The idea of estimating willingness to pay (WTP) for a QALY has fallen out of fashion. It’s a nice idea in principle but, as the title of this paper suggests, it’s not easy to come up with a meaningful answer. One key problem has been that WTP for a QALY is not constant in the number of QALYs being gained – that is, people are willing to pay less (at the margin) for greater QALY gains. But maybe that’s OK. NICE and their counterparts tend not to use a fixed threshold but rather a range: £20,000-£30,000 per QALY, say. So maybe the variability in WTP for a QALY can be reflected in this range. This study explores some of the reasons – including uncertainty – for differences in elicited WTP values for a QALY. A contingent valuation exercise was conducted using a 2014 Internet panel survey of 1,400 Swedish citizens. The survey consisted 21 questions about respondents’ own health, sociodemographics, prioritisation attitudes, WTP for health improvements, and a societal decision-making task. Respondents were randomly assigned to one of five scenarios with different magnitudes and probabilities of health gain, with yes/no responses for five different WTP ‘bids’. The estimated WTP for a QALY – using the UK EQ-5D-3L tariff – was €17,000. But across the different scenarios, the WTP ranged from €10,600 to over a million. Wide confidence intervals abound. The authors’ findings only partially support an assumption of weak scope sensitivity – that more QALYs are worth paying more for – and do not at all support a strong assumption of scope sensitivity that WTP is proportional to QALY gain.
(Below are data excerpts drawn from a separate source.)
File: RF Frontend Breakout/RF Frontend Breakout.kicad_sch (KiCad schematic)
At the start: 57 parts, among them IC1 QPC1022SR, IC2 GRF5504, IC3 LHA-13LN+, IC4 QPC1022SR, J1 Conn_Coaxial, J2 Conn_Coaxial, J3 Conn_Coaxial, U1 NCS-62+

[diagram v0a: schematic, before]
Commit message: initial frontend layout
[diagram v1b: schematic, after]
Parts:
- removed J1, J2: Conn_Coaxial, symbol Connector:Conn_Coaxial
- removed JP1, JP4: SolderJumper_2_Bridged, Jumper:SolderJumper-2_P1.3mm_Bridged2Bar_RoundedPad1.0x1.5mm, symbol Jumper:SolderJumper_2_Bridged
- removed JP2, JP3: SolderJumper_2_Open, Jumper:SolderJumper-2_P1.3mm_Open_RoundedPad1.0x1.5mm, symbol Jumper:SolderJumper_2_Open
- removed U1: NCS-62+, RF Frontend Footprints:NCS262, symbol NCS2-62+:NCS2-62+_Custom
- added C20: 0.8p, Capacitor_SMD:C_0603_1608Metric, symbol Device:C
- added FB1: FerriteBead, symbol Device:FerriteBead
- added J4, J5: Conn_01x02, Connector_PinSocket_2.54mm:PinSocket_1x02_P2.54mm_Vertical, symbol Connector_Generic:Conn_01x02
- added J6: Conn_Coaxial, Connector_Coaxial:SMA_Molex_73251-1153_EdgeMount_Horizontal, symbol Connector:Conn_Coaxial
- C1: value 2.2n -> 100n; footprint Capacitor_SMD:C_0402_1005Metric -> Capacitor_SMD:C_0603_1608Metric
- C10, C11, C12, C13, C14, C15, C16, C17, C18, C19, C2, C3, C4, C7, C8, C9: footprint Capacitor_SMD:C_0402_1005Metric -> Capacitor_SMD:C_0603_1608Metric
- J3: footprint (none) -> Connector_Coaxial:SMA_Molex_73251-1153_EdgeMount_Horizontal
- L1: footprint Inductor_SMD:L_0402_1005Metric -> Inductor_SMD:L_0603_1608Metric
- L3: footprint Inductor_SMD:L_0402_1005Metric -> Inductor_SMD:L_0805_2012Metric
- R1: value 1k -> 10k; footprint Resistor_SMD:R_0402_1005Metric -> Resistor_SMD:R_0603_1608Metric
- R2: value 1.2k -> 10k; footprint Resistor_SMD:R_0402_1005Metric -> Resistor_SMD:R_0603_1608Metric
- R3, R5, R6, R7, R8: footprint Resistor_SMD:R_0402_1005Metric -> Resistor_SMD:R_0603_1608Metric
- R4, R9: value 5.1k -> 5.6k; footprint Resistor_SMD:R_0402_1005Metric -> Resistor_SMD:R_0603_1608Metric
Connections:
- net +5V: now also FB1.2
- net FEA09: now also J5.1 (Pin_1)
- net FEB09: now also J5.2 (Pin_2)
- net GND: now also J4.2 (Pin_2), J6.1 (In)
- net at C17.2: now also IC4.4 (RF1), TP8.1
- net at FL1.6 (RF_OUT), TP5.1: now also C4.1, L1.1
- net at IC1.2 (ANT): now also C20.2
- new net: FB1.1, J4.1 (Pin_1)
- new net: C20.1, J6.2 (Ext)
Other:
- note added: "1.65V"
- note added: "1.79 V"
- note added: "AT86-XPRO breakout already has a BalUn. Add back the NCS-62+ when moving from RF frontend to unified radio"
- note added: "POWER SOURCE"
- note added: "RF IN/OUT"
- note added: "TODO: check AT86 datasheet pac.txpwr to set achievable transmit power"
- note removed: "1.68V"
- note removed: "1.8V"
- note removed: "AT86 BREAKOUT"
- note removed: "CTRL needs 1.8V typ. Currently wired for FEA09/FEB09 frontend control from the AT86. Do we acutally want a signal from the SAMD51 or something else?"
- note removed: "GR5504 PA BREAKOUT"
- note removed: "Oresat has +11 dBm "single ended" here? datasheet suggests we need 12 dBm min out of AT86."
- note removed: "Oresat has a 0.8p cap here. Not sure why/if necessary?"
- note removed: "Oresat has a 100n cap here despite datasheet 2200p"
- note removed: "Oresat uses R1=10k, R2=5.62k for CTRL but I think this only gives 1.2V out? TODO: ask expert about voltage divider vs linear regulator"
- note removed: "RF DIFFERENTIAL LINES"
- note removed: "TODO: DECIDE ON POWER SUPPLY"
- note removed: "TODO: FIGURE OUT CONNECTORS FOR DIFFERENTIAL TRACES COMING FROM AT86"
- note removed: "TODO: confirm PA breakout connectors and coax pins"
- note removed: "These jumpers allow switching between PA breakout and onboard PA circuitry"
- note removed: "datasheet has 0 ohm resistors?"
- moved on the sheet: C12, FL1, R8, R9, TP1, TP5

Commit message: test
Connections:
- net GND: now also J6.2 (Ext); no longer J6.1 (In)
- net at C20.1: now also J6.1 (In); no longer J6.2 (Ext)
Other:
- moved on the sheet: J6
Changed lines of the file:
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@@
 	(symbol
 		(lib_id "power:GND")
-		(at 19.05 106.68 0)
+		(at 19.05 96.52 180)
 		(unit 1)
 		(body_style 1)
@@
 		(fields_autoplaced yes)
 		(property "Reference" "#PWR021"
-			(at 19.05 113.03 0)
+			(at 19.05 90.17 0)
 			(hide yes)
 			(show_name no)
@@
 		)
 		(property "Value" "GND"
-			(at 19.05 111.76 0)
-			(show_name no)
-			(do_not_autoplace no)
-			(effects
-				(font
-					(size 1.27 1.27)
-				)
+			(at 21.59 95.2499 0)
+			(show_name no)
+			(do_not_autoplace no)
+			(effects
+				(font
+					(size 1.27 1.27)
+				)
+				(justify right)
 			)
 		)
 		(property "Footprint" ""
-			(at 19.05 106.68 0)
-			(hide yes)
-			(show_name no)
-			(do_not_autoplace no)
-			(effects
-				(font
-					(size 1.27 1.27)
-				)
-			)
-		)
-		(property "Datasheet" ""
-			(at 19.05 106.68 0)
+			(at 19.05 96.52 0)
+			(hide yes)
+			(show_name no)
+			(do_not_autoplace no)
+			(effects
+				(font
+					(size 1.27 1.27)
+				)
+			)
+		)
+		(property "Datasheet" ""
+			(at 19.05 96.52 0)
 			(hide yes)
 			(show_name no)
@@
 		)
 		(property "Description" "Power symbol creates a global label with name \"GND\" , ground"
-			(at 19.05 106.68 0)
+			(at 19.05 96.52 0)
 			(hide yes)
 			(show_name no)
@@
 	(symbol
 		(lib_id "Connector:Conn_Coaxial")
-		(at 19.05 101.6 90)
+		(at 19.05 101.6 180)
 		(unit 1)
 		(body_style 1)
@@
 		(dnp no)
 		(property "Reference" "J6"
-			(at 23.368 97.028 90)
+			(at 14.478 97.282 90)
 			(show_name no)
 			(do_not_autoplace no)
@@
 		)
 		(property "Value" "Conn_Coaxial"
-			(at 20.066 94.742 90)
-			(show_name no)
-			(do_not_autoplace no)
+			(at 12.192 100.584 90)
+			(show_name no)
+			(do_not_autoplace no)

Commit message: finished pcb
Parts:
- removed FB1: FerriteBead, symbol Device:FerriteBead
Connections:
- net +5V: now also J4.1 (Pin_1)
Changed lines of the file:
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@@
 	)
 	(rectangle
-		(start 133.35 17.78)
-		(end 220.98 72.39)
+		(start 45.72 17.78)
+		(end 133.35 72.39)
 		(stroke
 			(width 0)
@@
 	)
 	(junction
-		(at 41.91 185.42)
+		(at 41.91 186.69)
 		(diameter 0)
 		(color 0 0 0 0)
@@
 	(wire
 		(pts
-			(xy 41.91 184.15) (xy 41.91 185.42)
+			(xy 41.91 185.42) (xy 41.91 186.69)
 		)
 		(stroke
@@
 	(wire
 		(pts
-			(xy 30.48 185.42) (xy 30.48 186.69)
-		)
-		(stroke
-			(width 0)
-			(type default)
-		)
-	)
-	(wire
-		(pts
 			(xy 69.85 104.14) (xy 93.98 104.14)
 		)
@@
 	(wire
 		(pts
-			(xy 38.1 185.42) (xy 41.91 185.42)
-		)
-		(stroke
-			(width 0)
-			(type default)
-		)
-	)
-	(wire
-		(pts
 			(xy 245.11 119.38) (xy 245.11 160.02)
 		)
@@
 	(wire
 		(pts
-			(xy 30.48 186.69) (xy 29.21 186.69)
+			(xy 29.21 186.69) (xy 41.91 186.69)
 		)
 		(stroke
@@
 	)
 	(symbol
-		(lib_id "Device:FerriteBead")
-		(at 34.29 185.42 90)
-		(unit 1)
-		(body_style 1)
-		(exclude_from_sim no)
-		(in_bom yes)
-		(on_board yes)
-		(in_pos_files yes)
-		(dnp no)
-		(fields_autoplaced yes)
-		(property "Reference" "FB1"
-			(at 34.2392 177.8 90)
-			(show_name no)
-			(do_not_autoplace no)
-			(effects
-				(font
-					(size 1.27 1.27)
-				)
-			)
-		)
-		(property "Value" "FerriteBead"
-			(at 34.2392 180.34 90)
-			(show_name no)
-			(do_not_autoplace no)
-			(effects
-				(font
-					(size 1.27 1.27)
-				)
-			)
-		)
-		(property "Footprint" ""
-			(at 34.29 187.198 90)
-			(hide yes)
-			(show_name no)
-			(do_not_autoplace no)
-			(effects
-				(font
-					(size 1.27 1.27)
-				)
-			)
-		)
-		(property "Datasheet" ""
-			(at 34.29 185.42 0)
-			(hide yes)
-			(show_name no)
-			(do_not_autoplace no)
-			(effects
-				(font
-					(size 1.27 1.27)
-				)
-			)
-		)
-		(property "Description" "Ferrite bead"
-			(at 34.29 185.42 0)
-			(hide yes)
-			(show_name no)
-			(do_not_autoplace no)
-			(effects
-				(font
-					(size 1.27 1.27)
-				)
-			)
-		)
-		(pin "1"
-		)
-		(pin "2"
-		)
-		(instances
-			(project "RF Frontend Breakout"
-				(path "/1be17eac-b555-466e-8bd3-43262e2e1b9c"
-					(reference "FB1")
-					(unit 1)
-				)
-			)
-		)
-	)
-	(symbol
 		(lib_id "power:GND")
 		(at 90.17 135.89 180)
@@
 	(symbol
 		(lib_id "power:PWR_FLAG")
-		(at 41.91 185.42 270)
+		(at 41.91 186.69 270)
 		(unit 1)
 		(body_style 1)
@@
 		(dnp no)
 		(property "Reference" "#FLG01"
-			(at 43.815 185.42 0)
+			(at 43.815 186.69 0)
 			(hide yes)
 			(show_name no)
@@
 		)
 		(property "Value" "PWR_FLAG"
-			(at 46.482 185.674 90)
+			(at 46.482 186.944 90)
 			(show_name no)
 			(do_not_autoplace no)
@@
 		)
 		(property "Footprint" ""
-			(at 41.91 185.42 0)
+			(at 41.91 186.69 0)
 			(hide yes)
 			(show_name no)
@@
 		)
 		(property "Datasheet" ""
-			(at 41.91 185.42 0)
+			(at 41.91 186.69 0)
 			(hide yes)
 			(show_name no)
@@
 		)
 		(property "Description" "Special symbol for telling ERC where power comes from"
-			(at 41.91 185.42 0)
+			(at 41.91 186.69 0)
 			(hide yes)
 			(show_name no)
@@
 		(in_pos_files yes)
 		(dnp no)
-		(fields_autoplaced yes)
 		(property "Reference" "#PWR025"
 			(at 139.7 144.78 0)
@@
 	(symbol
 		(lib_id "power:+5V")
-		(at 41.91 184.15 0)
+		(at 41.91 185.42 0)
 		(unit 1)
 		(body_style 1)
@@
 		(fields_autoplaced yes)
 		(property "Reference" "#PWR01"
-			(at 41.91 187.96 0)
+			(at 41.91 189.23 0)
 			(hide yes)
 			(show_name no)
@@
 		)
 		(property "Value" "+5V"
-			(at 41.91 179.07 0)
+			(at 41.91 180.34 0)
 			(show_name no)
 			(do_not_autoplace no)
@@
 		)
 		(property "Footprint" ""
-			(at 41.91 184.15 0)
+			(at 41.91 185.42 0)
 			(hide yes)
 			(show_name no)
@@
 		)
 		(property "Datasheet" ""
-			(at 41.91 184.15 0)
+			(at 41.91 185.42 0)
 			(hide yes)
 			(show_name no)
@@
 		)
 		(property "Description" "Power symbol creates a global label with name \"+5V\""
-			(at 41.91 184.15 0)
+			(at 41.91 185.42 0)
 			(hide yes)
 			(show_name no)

This is what is known as scope bias, and this insensitivity to scope also applied to the variability in uncertainty. The authors also found that using different EQ-5D or VAS tariffs to estimate health state values resulted in variable differences in WTP estimates. Consistent relationships between individuals’ characteristics and their WTP were not found, though income and education seemed to be associated with higher willingness to pay across the sample. It isn’t clear what the implications of these findings are, except for the reinforcement of any scepticism you might have about the sociomathematical validity (yes, I’m sticking with that) of the QALY.